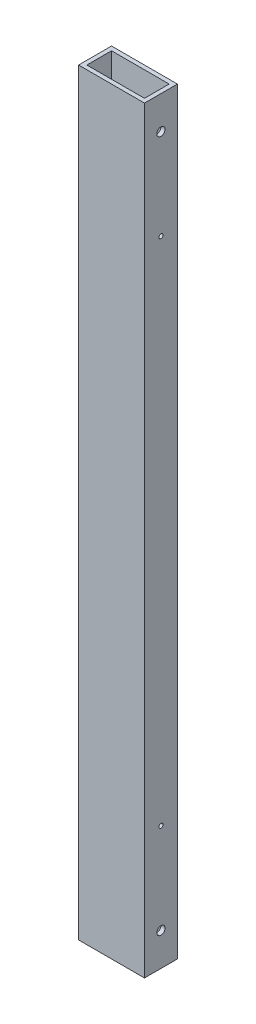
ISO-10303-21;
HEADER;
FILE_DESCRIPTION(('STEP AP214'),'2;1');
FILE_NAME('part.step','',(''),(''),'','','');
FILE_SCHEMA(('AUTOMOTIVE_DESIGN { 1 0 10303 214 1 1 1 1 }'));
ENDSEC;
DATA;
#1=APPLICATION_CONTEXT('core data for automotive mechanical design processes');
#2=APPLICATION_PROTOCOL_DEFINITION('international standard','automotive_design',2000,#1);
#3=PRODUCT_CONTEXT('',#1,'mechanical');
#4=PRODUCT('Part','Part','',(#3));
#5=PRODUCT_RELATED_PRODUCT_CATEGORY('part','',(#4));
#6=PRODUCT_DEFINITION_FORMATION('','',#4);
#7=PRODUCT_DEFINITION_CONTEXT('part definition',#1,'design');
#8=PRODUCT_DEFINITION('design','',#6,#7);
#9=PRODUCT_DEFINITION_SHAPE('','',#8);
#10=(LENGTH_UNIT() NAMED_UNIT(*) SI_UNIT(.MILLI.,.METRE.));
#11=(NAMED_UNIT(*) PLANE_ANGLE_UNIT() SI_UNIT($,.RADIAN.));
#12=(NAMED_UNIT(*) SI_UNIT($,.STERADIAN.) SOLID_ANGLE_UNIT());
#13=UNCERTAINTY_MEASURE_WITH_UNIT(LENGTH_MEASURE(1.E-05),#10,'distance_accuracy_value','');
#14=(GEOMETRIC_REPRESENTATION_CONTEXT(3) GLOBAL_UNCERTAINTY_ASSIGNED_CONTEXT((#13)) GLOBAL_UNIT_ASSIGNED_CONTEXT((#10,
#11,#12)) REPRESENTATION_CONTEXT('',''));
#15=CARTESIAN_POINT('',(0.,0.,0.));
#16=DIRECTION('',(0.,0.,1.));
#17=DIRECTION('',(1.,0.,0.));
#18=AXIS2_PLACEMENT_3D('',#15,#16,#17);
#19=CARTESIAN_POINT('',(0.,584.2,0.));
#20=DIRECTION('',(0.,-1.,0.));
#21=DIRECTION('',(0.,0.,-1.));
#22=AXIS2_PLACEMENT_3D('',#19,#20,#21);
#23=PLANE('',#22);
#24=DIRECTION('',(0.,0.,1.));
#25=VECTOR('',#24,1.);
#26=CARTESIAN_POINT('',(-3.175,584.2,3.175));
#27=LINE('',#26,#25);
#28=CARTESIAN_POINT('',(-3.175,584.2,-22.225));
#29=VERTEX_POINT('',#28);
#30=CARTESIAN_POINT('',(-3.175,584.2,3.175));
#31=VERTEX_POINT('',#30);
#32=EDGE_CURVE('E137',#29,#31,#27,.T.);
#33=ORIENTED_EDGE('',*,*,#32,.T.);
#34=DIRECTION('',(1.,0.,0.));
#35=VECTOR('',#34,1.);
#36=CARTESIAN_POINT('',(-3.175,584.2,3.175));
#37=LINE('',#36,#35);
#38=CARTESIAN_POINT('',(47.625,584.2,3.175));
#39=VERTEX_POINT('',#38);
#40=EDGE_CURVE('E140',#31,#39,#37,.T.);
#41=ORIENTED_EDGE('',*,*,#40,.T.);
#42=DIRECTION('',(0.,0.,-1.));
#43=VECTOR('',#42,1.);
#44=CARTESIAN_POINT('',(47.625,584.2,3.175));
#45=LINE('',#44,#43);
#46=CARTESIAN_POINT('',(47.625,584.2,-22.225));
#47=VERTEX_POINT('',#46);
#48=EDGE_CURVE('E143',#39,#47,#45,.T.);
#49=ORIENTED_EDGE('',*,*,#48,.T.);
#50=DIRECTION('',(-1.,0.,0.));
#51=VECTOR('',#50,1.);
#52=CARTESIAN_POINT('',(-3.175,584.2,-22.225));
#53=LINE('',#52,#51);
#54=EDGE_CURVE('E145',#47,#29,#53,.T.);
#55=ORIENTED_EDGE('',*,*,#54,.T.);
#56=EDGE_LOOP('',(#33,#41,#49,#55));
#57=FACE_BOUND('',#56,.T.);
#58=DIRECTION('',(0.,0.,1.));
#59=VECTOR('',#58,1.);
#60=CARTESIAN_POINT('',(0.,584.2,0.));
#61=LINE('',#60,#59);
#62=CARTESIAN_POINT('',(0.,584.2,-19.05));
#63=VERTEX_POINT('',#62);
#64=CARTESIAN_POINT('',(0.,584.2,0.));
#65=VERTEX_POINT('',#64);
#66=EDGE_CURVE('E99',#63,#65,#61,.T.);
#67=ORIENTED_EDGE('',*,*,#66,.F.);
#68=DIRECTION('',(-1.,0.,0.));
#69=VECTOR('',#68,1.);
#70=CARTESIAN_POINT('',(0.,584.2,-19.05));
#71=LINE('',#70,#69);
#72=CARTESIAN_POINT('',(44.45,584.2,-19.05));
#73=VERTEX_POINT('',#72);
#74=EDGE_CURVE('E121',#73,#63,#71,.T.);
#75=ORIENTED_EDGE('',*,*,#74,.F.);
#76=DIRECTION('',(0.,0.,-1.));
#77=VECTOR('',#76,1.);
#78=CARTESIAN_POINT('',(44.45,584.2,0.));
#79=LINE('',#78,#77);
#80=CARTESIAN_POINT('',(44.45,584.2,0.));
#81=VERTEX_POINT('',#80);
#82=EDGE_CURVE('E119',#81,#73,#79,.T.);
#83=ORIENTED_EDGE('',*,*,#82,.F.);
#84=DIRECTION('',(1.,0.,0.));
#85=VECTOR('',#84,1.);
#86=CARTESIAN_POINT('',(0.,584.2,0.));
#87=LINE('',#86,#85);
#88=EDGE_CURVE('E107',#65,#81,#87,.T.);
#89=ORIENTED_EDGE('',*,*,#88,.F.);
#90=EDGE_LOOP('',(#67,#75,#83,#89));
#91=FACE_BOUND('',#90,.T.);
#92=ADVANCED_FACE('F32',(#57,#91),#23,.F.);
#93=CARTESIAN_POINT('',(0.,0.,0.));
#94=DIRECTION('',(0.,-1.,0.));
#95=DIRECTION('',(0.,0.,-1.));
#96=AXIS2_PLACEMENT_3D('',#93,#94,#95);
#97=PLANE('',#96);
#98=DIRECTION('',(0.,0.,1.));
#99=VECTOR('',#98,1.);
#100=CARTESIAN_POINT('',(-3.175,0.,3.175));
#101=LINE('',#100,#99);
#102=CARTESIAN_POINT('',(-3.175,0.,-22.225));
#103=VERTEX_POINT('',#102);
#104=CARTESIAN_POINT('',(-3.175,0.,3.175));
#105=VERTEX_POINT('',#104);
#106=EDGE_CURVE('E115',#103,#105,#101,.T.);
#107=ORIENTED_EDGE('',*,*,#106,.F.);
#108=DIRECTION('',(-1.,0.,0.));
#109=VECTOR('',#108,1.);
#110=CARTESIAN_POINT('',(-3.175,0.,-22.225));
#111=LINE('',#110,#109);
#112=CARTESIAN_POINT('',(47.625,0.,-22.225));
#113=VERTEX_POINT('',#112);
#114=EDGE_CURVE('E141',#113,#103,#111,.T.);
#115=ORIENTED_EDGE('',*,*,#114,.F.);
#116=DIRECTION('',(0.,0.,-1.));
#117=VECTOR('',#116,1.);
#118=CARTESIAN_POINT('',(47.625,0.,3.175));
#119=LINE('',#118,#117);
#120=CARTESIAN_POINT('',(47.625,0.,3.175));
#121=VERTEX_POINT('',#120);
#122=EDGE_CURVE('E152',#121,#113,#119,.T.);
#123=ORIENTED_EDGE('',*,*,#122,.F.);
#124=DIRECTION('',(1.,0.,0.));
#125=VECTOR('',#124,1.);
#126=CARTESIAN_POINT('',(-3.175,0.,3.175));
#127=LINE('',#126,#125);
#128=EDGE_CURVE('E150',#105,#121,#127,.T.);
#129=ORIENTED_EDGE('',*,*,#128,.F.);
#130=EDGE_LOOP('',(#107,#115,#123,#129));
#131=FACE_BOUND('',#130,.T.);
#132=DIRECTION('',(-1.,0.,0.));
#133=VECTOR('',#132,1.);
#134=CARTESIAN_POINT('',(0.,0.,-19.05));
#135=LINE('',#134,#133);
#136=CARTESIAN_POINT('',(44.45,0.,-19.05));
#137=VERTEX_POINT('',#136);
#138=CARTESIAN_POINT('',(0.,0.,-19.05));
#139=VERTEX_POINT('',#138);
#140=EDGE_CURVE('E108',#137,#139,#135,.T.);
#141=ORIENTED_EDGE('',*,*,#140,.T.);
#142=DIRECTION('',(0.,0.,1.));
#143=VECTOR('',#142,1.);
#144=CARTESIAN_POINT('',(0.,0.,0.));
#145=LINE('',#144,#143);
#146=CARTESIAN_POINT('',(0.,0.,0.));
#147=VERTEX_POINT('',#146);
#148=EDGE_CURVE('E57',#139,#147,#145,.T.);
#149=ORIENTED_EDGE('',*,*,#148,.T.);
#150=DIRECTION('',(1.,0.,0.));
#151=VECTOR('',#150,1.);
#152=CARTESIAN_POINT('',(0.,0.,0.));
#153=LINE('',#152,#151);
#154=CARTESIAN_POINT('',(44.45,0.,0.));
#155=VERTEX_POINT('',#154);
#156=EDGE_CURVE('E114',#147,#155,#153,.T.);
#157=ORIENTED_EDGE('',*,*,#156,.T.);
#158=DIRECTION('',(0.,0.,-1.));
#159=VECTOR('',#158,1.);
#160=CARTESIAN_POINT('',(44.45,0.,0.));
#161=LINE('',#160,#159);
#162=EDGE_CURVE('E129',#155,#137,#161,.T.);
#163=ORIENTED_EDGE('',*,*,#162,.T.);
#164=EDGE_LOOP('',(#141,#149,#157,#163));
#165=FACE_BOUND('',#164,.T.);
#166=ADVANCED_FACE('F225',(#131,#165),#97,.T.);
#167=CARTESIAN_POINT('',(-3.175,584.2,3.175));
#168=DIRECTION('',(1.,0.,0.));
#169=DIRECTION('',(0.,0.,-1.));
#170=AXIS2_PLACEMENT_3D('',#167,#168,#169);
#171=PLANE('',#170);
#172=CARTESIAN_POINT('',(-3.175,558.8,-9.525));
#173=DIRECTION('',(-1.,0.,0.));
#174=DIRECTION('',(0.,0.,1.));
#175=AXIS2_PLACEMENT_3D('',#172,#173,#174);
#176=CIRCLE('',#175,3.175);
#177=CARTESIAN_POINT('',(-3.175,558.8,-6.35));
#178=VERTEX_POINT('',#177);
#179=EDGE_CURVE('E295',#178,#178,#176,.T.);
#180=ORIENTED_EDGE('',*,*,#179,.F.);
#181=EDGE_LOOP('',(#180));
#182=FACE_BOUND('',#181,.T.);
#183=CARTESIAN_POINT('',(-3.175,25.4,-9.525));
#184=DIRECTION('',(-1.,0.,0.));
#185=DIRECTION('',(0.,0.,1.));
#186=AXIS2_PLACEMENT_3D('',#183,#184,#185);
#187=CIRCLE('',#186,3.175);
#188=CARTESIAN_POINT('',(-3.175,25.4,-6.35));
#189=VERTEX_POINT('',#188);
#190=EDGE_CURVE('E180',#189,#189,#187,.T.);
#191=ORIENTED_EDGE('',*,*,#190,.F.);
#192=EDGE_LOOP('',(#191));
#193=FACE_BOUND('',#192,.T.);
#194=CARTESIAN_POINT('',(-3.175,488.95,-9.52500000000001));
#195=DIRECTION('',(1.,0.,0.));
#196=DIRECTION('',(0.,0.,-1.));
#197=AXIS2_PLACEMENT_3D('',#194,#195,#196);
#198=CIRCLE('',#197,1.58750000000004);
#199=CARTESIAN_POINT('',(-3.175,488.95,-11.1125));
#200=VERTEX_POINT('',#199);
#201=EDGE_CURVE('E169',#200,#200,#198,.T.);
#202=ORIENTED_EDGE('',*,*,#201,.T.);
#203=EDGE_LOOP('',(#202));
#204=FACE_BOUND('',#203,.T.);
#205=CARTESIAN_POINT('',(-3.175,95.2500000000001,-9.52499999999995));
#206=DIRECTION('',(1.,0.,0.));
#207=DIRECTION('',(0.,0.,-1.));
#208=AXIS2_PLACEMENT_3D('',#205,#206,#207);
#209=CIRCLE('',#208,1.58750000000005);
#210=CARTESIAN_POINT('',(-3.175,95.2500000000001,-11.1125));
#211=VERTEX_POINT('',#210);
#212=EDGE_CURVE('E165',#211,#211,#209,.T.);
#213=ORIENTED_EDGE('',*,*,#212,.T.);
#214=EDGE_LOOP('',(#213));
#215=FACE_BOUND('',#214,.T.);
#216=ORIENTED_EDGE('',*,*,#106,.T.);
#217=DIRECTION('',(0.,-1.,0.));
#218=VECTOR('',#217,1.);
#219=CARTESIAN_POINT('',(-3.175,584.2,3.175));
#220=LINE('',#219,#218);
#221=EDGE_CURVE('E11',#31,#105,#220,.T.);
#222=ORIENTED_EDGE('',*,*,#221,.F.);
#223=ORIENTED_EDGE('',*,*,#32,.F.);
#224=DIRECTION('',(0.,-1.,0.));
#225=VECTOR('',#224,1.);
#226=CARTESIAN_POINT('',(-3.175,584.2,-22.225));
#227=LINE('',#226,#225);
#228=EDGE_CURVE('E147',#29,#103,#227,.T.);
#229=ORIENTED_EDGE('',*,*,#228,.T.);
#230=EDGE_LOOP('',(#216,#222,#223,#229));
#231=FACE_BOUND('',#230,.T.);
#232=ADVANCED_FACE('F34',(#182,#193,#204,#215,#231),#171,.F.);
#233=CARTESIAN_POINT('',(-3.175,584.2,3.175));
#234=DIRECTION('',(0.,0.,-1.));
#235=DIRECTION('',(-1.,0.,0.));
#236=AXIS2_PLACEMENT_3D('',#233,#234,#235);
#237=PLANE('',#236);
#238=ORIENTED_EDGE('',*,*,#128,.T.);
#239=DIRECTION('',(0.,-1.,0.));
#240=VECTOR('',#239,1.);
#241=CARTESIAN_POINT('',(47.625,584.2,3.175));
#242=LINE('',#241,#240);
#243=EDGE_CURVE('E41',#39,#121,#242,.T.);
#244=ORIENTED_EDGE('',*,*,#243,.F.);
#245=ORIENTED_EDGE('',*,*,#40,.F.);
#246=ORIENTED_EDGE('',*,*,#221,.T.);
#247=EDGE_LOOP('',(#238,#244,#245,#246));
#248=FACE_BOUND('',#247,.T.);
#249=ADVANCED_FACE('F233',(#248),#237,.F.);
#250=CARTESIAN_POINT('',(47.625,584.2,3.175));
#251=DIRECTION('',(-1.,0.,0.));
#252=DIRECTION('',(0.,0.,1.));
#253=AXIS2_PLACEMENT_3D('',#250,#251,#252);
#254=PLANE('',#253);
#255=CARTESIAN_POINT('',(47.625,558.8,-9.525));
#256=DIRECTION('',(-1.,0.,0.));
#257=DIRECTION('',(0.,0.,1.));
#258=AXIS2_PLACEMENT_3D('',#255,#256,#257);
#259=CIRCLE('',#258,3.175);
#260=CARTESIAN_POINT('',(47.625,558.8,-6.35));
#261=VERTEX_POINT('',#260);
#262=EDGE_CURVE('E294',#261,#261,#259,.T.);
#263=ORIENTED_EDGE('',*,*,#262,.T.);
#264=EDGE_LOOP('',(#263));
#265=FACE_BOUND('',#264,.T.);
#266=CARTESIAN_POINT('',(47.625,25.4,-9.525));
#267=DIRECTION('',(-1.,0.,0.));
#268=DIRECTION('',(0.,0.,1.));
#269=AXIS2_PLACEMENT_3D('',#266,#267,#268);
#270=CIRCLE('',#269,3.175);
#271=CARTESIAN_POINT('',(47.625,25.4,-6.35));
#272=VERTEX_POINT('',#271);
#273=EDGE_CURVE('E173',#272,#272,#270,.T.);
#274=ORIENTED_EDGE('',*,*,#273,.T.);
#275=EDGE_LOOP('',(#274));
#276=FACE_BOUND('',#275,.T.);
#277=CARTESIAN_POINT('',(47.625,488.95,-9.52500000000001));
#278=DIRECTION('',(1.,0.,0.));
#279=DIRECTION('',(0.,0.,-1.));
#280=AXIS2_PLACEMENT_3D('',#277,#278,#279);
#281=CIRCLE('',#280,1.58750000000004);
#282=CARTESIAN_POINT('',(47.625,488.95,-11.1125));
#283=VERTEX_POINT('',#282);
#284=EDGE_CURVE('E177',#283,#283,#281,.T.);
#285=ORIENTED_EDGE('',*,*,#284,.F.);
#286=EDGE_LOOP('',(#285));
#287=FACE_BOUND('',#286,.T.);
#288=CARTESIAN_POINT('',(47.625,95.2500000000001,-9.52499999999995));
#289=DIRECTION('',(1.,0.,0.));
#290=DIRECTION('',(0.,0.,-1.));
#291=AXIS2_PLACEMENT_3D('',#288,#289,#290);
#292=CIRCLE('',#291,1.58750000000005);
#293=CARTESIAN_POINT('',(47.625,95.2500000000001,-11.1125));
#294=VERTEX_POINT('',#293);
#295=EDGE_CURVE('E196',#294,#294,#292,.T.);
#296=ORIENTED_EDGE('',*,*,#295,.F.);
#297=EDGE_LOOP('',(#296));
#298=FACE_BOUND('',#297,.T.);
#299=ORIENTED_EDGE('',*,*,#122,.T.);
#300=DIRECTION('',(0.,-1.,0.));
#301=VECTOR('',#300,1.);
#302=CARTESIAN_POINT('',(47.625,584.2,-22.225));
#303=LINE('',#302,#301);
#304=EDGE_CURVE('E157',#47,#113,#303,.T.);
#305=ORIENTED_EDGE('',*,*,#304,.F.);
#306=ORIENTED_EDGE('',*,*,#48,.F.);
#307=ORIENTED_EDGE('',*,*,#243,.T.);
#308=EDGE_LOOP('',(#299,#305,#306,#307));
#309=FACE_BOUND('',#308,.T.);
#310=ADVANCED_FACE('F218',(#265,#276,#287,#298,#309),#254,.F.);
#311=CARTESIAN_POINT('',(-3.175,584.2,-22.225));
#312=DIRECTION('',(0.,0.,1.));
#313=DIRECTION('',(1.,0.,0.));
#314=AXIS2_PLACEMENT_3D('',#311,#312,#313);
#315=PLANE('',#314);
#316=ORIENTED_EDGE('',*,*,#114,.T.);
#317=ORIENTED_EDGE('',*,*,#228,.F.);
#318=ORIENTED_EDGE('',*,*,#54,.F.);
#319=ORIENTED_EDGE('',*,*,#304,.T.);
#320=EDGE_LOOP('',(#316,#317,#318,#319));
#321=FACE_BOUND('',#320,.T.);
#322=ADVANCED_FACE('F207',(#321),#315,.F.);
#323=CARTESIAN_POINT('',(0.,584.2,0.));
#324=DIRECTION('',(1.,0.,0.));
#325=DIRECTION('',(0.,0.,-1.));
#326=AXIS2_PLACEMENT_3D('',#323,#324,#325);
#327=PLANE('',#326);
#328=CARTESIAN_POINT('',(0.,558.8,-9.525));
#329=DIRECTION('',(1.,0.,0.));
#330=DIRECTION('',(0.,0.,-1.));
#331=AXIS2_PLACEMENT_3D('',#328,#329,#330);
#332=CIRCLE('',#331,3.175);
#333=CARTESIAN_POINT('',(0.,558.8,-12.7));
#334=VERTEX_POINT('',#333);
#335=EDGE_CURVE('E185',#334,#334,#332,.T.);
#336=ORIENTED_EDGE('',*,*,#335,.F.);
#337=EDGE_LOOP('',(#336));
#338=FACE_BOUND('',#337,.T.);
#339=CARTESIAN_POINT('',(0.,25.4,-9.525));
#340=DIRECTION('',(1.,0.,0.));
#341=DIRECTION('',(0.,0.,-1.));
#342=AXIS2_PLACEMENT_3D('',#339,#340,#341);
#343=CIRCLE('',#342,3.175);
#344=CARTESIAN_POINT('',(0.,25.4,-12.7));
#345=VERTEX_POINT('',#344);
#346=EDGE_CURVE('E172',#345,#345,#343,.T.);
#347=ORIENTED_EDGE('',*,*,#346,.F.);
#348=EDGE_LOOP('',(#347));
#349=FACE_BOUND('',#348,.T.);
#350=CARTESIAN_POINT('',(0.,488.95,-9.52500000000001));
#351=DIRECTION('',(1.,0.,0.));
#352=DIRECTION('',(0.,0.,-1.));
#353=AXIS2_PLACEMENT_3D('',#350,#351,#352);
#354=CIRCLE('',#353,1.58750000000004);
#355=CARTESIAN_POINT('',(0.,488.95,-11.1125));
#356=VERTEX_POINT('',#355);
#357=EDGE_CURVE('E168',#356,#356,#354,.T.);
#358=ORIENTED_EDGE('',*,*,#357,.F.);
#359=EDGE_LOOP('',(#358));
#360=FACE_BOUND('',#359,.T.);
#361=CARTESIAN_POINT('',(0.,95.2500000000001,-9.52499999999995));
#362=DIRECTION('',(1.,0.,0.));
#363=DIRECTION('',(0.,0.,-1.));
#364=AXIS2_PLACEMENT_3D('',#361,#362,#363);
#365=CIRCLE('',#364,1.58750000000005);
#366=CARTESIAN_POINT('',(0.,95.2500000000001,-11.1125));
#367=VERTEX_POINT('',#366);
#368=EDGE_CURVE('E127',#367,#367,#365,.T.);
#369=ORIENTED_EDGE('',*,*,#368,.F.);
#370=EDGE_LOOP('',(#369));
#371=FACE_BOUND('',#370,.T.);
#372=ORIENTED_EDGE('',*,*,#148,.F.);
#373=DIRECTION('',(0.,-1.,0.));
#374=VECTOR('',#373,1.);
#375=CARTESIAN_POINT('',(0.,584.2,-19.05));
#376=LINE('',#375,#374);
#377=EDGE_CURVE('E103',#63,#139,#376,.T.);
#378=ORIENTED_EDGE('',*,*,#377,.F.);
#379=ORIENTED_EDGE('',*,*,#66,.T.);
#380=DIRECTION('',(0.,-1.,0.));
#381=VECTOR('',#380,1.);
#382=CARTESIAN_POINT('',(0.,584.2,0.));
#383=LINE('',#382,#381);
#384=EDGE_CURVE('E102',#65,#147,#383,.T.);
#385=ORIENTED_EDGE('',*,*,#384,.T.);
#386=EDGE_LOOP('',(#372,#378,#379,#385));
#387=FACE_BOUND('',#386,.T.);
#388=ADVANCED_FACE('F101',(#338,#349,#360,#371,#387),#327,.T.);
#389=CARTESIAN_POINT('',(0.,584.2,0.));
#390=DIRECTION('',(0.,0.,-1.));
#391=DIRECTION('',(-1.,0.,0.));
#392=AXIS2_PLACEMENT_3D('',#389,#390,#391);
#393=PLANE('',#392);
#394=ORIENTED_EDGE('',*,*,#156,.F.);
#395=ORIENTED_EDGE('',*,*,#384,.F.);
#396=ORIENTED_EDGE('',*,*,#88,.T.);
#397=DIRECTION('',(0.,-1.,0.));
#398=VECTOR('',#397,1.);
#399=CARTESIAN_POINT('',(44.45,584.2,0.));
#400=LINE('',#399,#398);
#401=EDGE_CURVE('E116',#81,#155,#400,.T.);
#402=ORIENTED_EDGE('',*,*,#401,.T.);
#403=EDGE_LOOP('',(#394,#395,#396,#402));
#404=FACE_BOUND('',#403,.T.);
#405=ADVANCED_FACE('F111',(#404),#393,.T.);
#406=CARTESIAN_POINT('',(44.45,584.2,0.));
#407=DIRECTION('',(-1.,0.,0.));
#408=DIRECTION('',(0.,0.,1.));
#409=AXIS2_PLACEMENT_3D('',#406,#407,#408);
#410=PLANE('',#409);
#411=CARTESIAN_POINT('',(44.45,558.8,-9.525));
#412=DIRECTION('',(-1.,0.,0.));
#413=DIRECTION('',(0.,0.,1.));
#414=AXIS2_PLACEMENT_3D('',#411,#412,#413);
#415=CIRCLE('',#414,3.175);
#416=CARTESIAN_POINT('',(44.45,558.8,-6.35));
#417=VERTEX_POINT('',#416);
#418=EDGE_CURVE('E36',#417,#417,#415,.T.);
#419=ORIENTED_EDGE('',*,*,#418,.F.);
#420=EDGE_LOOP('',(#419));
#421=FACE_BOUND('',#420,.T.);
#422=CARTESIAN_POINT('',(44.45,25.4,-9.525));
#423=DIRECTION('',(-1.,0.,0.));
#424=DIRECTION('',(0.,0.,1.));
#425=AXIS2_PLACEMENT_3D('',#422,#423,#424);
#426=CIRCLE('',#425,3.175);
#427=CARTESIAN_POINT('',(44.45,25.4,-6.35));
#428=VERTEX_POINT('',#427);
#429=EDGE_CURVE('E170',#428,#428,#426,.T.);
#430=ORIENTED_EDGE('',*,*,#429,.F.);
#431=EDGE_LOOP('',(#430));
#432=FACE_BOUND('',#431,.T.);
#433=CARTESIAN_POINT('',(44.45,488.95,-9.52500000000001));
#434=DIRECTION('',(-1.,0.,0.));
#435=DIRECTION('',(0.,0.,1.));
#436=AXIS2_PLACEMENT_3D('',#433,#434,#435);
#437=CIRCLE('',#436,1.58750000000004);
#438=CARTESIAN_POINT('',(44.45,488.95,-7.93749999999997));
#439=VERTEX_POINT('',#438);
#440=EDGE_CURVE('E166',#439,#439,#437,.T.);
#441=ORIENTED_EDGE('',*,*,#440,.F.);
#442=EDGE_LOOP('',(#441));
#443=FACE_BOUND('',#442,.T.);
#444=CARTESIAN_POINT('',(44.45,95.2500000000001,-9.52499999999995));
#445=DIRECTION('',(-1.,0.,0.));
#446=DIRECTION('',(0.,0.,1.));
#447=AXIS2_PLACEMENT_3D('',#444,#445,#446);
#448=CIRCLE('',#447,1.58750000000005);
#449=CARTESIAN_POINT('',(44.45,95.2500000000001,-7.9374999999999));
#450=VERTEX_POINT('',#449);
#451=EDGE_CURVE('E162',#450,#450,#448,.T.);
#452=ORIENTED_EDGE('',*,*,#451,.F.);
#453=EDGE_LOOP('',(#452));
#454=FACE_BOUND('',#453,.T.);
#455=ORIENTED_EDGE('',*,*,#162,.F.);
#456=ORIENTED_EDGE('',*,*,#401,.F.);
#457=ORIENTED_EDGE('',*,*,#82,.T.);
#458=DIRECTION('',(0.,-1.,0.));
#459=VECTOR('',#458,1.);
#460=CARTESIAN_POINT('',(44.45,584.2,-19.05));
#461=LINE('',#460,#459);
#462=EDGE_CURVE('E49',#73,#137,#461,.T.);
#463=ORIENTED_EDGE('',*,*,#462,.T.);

·····

### What is needed:
Restate word for word the lines in the material above from the one with "#251=DIRECTION('',(-1.,0.,0.));" to the one with "#257=DIRECTION('',(0.,0.,1.));"; both of those lines count, and nothing else does.

### Solution:
#251=DIRECTION('',(-1.,0.,0.));
#252=DIRECTION('',(0.,0.,1.));
#253=AXIS2_PLACEMENT_3D('',#250,#251,#252);
#254=PLANE('',#253);
#255=CARTESIAN_POINT('',(47.625,558.8,-9.525));
#256=DIRECTION('',(-1.,0.,0.));
#257=DIRECTION('',(0.,0.,1.));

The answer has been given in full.